過去を変えられぬ故、運命と呼ぶのであろうか…
叫びの中に言いようのない苛立ちと深い哀しみが見える。

微かな風が吹き込み、私の傍を何かが通り過ぎた。
あれは……先程私に語りかけた…
片手に赤子を抱き、オスカーに…オスカーの内の彼に縋りつくように泣く少女。
死を選んだ事で彼を変貌させてしまった罪と後悔…何よりも彼を想い現世にとどまった魂。
サクリアの邪悪さに近付けなかったが、弱まった事でここに入り込またのであろう。
オスカーが彼の支配を弱めた今なら、彼女の愛を伝えられるかもしれぬ。
彼を救えるのは、彼の愛する者達だけ…

救いを求めるように私を見る少女に小さく頷き、彼の魂に静かに問い掛ける。

「…おまえには、見えぬか?聴こえぬか?おまえを救って欲しいと泣く愛する者の姿が…彼女の手に抱かれる赤子の姿が…」
『馬鹿げた事を言うな!彼女は、穏やかな死の国で傷ついた心をやすめているはずだ!』

怒りながらも何かを感じ始めたのか、忙しなく周囲を見渡す視線。

「人の心を取り戻せ!愛する者の声を聴け!」

同時に闇のサクリアを二人に注ぐ。

オスカーから迷い始めた魂を分離させると、身体が床に倒れ伏した。
力なく跪く彼の魂に少女がそっと語りかけ、赤子を抱かせる。
赤子を受け取り、歓喜に咽び泣く彼を抱きしめる少女。
彼の内から悪しきサクリアが消えて去ってゆく。

「道を見失った魂に永遠の安らぎを……」

二人の魂の浄化を見送る。
宇宙が死を望んだ炎の守護聖は、今度こそ魂の安らぎを見出したのだな。
…すべてが終った…

気付けば立ち上がったオスカーが、優しい瞳で私を見つめていた。

「オスカー!」

その胸に飛び込むと逞しい腕に強く抱き寄せられる。

「さすがは、俺のクラヴィス様です。

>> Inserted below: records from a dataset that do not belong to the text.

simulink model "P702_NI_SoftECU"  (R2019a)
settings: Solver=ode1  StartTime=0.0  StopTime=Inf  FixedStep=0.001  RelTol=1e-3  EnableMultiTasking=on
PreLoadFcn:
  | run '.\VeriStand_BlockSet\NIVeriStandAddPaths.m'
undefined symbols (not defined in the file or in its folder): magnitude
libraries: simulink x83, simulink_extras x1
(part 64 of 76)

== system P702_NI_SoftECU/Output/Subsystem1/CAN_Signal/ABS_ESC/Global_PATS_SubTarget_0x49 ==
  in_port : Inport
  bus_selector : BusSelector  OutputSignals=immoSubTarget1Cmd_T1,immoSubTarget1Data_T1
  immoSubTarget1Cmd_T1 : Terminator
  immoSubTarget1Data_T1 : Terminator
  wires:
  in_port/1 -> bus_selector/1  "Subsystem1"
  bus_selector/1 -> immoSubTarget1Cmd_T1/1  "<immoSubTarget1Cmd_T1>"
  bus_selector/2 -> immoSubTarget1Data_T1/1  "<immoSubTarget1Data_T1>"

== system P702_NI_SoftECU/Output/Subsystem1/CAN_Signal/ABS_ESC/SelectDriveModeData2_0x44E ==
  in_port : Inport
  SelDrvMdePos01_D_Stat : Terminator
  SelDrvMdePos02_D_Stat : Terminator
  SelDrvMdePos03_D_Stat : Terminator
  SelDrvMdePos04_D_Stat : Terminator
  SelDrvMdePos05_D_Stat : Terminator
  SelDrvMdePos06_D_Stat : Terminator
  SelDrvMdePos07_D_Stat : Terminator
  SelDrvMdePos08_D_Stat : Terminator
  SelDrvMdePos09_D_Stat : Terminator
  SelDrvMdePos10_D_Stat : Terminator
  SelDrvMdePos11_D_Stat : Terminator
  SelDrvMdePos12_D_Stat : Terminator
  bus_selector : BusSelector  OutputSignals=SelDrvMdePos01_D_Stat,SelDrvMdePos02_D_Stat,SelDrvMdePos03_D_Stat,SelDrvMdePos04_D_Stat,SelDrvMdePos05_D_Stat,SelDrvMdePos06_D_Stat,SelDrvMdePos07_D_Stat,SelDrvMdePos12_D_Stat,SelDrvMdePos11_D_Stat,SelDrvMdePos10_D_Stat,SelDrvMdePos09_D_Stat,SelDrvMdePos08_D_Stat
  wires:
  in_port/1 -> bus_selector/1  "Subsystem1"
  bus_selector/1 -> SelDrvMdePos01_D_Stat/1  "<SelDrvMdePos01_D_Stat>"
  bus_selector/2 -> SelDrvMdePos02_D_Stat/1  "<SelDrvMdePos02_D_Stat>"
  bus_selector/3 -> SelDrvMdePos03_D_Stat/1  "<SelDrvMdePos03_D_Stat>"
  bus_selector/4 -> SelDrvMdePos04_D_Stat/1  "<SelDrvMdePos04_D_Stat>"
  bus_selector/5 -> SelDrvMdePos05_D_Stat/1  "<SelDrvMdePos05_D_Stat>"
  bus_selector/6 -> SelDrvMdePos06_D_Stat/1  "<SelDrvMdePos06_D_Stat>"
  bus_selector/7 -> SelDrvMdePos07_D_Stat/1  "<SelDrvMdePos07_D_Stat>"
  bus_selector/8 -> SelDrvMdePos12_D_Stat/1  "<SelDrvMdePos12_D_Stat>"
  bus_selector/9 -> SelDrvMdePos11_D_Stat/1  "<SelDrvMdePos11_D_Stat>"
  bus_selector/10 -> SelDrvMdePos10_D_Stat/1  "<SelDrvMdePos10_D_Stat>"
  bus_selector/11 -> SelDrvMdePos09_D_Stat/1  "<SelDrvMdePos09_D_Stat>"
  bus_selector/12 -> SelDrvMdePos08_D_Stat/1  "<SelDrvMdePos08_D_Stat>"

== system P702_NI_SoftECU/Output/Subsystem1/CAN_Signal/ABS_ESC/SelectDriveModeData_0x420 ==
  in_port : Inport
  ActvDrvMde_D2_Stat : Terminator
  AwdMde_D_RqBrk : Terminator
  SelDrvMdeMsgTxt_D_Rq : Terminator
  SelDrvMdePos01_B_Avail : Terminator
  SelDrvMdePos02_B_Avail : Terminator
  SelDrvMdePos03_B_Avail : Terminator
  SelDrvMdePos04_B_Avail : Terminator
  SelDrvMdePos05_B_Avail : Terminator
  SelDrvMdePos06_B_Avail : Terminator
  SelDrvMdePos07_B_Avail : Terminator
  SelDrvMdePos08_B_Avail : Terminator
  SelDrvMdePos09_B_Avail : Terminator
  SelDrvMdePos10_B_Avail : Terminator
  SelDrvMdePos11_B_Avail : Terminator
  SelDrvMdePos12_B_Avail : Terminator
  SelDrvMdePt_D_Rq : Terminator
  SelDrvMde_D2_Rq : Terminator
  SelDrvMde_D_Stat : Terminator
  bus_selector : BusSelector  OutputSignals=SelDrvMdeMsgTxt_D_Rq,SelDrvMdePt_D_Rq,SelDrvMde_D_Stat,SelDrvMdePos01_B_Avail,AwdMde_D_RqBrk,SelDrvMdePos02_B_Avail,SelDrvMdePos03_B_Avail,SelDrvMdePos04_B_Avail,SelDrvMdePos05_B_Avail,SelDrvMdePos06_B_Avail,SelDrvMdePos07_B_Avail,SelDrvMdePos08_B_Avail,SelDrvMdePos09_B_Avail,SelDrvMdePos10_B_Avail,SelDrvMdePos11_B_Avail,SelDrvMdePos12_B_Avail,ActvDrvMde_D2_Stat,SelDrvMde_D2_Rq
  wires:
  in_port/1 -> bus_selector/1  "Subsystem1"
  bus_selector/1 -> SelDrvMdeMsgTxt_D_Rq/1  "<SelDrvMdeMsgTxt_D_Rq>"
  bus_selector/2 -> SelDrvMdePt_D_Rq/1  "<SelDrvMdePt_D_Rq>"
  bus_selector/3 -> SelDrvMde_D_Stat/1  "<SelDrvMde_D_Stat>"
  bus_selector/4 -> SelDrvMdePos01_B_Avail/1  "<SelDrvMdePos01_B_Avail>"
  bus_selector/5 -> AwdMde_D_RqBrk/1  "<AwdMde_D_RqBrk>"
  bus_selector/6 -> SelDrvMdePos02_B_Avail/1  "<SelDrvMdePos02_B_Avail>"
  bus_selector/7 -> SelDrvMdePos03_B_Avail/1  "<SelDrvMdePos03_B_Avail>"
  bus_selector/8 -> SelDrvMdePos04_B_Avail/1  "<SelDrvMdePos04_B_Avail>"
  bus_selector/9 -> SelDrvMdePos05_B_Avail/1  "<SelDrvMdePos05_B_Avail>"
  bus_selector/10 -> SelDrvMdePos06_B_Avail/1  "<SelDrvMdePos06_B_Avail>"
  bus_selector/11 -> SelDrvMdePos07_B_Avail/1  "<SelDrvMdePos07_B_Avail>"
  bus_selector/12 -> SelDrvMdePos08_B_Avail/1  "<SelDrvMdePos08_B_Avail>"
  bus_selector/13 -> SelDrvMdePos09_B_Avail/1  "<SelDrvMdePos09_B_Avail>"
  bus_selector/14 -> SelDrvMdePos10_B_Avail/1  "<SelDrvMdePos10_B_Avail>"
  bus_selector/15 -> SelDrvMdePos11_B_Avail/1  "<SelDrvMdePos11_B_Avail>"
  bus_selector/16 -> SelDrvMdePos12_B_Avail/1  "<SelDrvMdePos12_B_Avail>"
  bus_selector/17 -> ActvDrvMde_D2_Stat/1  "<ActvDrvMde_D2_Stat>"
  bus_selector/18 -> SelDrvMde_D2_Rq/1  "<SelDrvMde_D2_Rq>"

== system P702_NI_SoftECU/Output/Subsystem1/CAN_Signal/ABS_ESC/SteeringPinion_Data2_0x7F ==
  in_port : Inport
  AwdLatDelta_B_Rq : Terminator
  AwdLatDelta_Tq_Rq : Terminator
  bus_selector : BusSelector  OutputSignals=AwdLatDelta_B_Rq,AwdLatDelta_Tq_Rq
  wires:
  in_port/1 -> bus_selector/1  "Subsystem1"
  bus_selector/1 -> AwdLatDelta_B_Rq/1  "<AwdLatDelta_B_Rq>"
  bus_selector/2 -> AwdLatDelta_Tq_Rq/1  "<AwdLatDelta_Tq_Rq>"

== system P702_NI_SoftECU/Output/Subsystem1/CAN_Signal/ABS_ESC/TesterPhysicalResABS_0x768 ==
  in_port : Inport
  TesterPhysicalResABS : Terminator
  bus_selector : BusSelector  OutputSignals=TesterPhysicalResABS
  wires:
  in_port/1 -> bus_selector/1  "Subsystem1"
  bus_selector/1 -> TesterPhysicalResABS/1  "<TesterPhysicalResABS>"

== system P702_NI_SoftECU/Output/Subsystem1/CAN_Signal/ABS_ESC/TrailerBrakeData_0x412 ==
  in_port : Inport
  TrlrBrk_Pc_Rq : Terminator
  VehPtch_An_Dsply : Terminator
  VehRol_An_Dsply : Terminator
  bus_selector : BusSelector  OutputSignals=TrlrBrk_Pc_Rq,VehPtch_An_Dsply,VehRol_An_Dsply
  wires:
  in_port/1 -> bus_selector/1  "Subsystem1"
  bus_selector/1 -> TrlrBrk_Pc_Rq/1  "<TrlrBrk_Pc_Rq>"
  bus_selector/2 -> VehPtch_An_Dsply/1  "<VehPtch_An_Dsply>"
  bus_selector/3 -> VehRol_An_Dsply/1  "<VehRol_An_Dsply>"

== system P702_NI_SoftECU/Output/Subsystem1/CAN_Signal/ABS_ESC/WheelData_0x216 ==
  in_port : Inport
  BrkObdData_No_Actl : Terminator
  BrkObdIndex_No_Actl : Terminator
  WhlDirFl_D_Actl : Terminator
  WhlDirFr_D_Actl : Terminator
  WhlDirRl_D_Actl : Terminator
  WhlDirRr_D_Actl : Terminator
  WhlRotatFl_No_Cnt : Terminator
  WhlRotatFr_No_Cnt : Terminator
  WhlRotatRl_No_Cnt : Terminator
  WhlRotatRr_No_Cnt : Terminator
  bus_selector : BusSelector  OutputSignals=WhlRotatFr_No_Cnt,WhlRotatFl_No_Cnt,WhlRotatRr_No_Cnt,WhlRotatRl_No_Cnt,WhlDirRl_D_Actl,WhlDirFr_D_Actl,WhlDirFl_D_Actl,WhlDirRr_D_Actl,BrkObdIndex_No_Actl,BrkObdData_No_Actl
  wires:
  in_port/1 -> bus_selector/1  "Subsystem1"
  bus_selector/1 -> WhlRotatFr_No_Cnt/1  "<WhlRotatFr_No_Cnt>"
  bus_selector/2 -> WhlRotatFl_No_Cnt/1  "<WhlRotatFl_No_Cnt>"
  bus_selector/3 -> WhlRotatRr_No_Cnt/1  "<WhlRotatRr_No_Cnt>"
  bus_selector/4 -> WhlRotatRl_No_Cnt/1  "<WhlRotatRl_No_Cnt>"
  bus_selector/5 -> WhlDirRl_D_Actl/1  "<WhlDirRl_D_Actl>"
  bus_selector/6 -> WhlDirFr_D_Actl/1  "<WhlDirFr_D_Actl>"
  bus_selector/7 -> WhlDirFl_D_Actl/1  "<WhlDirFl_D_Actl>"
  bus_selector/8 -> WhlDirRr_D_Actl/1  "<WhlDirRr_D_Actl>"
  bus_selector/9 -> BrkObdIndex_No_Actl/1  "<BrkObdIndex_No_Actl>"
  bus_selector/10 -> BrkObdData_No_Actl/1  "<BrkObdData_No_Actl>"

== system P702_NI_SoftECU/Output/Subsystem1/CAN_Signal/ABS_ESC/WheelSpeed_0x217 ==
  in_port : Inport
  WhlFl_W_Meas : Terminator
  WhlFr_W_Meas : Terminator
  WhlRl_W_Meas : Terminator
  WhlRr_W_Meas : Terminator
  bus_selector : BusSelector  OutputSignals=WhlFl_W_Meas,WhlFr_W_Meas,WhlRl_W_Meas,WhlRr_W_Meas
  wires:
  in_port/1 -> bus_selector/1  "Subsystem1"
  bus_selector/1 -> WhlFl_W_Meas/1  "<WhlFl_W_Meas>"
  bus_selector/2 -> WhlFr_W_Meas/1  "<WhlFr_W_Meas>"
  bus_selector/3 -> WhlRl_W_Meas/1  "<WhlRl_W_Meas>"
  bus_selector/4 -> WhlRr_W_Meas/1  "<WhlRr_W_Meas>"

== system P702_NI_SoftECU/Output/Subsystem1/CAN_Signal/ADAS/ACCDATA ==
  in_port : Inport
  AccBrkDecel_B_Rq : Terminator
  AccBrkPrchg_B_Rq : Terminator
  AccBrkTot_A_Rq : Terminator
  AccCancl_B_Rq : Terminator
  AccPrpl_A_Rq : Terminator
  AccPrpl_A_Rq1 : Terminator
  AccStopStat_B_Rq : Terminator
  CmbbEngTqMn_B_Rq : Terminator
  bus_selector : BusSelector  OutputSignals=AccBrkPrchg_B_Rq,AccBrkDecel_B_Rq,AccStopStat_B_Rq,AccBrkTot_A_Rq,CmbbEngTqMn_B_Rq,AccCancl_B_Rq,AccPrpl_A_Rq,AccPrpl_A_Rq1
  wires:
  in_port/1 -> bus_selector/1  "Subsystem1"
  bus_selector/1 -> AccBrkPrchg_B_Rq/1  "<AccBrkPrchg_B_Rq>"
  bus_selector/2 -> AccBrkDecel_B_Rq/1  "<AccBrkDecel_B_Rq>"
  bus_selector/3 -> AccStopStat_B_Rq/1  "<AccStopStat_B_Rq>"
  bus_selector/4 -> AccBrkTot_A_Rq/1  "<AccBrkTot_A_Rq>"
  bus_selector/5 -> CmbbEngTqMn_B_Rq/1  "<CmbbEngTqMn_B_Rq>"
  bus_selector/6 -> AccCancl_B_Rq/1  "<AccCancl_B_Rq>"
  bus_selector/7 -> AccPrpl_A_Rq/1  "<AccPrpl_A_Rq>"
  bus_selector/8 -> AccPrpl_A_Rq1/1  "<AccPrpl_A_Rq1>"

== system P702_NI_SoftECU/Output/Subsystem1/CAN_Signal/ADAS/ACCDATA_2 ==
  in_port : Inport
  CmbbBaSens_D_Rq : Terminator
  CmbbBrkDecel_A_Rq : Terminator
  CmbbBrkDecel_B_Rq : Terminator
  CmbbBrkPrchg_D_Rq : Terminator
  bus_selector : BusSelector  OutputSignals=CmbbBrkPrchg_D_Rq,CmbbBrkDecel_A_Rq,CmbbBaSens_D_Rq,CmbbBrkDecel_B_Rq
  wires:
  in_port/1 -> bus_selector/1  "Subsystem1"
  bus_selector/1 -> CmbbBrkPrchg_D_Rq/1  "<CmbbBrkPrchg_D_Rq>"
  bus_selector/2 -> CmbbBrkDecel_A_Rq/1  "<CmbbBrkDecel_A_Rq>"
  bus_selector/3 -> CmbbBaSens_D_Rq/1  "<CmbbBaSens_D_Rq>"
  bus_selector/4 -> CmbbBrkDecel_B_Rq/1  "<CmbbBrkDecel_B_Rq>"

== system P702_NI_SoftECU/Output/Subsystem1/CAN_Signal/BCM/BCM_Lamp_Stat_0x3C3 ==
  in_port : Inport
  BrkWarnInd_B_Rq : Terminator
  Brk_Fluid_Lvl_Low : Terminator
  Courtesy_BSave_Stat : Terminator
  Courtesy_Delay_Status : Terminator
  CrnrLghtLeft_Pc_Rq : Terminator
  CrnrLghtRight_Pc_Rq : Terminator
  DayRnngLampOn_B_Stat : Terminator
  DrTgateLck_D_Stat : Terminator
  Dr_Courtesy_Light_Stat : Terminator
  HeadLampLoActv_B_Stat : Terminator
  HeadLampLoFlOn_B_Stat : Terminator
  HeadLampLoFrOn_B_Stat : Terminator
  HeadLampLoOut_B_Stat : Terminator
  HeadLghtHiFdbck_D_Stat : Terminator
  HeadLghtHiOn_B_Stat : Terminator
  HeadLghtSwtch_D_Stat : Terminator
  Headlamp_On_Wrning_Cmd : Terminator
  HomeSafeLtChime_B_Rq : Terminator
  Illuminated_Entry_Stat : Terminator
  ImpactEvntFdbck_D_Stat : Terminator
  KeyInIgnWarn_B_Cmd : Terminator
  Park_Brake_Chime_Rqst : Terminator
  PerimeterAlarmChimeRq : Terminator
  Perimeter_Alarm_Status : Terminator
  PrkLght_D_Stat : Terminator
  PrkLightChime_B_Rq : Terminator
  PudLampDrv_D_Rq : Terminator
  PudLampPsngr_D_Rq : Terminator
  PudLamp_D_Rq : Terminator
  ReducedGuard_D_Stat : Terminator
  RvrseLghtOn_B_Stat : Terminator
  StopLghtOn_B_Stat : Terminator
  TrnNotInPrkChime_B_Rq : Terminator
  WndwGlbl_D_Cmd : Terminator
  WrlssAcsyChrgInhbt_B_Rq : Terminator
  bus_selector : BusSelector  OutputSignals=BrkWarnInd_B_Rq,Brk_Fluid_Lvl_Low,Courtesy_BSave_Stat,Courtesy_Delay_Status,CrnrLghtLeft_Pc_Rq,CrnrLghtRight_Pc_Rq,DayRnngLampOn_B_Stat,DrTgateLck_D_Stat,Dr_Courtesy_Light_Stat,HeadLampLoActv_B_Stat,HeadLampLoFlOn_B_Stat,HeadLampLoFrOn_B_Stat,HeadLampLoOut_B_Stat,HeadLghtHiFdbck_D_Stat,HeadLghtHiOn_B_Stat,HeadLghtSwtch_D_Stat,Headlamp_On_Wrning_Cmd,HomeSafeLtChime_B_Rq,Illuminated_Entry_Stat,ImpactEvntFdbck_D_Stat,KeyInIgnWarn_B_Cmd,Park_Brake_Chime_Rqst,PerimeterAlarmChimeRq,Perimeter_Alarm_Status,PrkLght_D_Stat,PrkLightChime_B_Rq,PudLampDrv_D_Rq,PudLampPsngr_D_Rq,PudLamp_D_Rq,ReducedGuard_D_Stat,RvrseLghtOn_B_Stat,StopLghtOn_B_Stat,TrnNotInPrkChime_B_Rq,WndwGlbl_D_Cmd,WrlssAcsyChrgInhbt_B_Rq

惚れ直しました」
「おまえが彼の支配を弱めたくれたおかげだ。私一人の力ではない」

おまえを失わずにすんだ事を…すべてのものに感謝しよう。
オスカーと惑星を救い出せた安堵に、疲れが一気に噴出し身体から力が抜ける。

「クラヴィス様?如何なさいました?クラヴィス様!」

オスカーの声が遠のいてゆく。


目覚めると、聖地の次元回廊にいた。オスカーは、私を抱いたまま、出迎えに来たのであろうジュリアスと言葉を交わしている。

「クラヴィス、目覚めたか…ご苦労であったな」

私の視線に気付いたジュリアスが、労いの言葉と共に手を差し出す。

「…おまえとの約束を守ったぞ」

ゆっくりとその手を握り返すと、ジュリアスは、珍しく穏やかな笑みをたたえ頷いた。

「普段せぬ労働をしたのだ。さぞ疲れておろう?後は、ゆっくりとやすめ。3日程休暇を取るがいい。もちろんオスカーもな」
「お心遣い感謝致します。これから、再会をじっくりと味あわせて頂きますよ」

私が答えるよりも先にオスカーが弾んだ声で応じる。
おまえの返事では、私の身体が休む事ができるのか不安なのだが…
まあ…身体が休めずとも心が安らぐことは確かか…


先に入浴を済ませると寝椅子に座り、オスカーを待つ。
窓からの心地よい風に吹かれ、このまま眠ってしまいそうだ。
不意に間近に吐息を感じ、いつの間にか閉じていた目を開くとオスカーが苦笑しながら、顔を覗き込んでいる。

「クラヴィス様、眠らないで下さい」
「さて…自信がないが…」
「俺に明日まで待てと?申し訳ありませんが…忍耐が……」

オスカーにふわりと抱き上げられた。

「堪え性のない…」
「あなたの前ではね」

オスカーの首に腕を絡ませ頭を引き寄せると、口づけを贈る。

「私を眠らせるなよ?」
「お任せを」

寝室に向う途中、机にあったタロットカードの一枚が風に舞い床に落ちた。
一瞬見えたカードは……

「クラヴィス様?如何なさいました?」

私の視線をオスカーが訝しげに追う。何でもないと笑みを浮かべ、もう一度口づけた。